(Records contained in a dataset)
#####

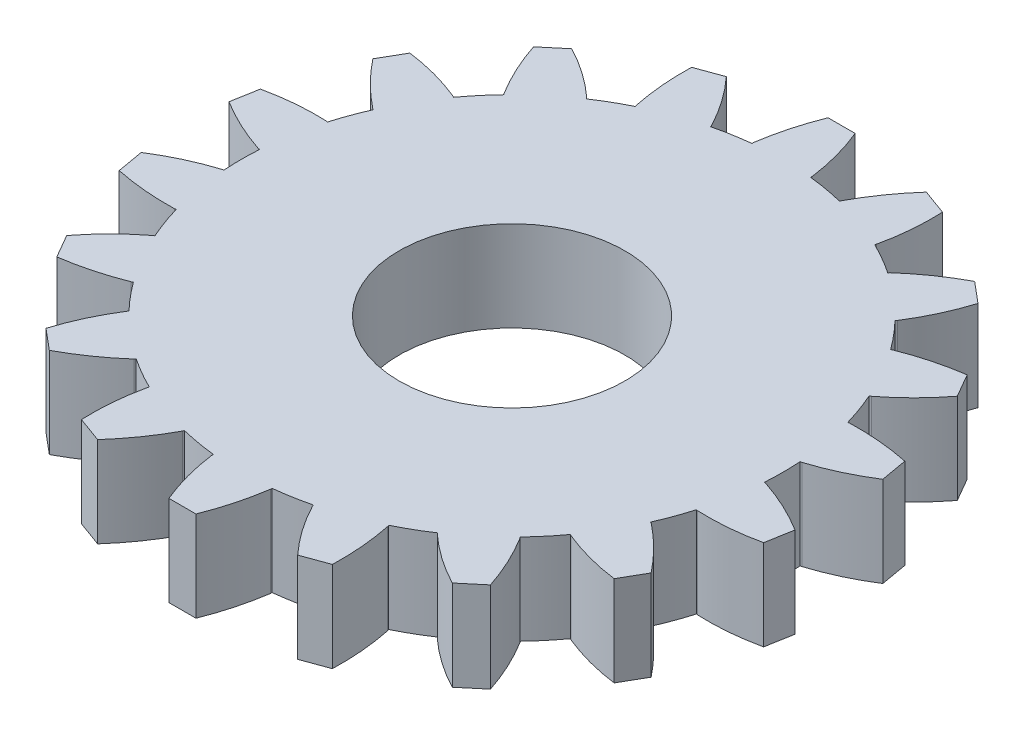
SolidWorks part; units mm, degrees
ref_plane "Front Plane" through (0, 0, 0) normal (0, 0, 1) x (1, 0, 0)
ref_plane "Top Plane" through (0, 0, 0) normal (0, 1, 0) x (1, 0, 0)
ref_plane "Right Plane" through (0, 0, 0) normal (1, 0, 0) x (0, 0, -1)
sketch "Sketch1" plane through (0, 0, 0) normal (0, 1, 0) x (1, 0, 0)
  circle A0 centre (0, 0) radius 6
  dimension "D1" = 12
extrude "Boss-Extrude1" add sketch "Sketch1" along normal blind 2
sketch "Sketch2" plane through (0, 2, 0) normal (0, 1, 0) x (1, 0, 0)
  circle A0 centre (0, 0) radius 1.25
  dimension "D1" = 2.5
extrude "Cut-Extrude1" cut sketch "Sketch2" against normal blind 4 and the other way blind 3
sketch "Sketch3" plane through (0, 2, 0) normal (0, 1, 0) x (1, 0, 0)
  circle A0 centre (0, 0) radius 2
  circle A1 centre (0, 0) radius 0.75
extrude "Boss-Extrude2" add sketch "Sketch3" along normal blind 0.2 and the other way blind 2.2
sketch "Sketch4" plane through (0, 2, 0) normal (0, 1, 0) x (1, 0, 0)
  line L3 (-0.3, 7.3) -> (0.3, 7.3)
  line L4 (-0.65, 6) -> (-0.65, 5.9647)
  line L5 (0.65, 6) -> (0.65, 5.9647)
  arc A1 (-0.3, 7.3) -> (-0.65, 6) centre (5.0734, 5.1562) ccw
  arc A2 (0.3, 7.3) -> (0.65, 6) centre (-4.488, 5.3138) cw
  arc A3 (0.65, 5.9647) -> (-0.65, 5.9647) centre (0, 0) ccw
  point P8 (-0.325, 6)
  point P11 (0, 7.3)
  dimension "D1" = 0.6
extrude "Boss-Extrude3" add sketch "Sketch4" against normal up to surface (2 mm away) up to face at (0, 0, 2)
ref_axis "Axis1" through (0, 2.32, 0) along (0, -1, 0)
pattern_circular "CirPattern1" count 18 over 360 about axis through (0, 2.32, 0) along (0, -1, 0) of "Boss-Extrude3"
sketch "Sketch5" plane through (0, 2, 0) normal (0, 1, 0) x (1, 0, 0)
  circle A0 centre (0, 0) radius 2.5
extrude "Cut-Extrude2" cut sketch "Sketch5" against normal blind 5 and the other way blind 3

#####

### What the task requires
Each line of the data that holds "radius" should be copied.

### Response to the task
  circle A0 centre (0, 0) radius 6
  circle A0 centre (0, 0) radius 1.25
  circle A0 centre (0, 0) radius 2
  circle A1 centre (0, 0) radius 0.75
  circle A0 centre (0, 0) radius 2.5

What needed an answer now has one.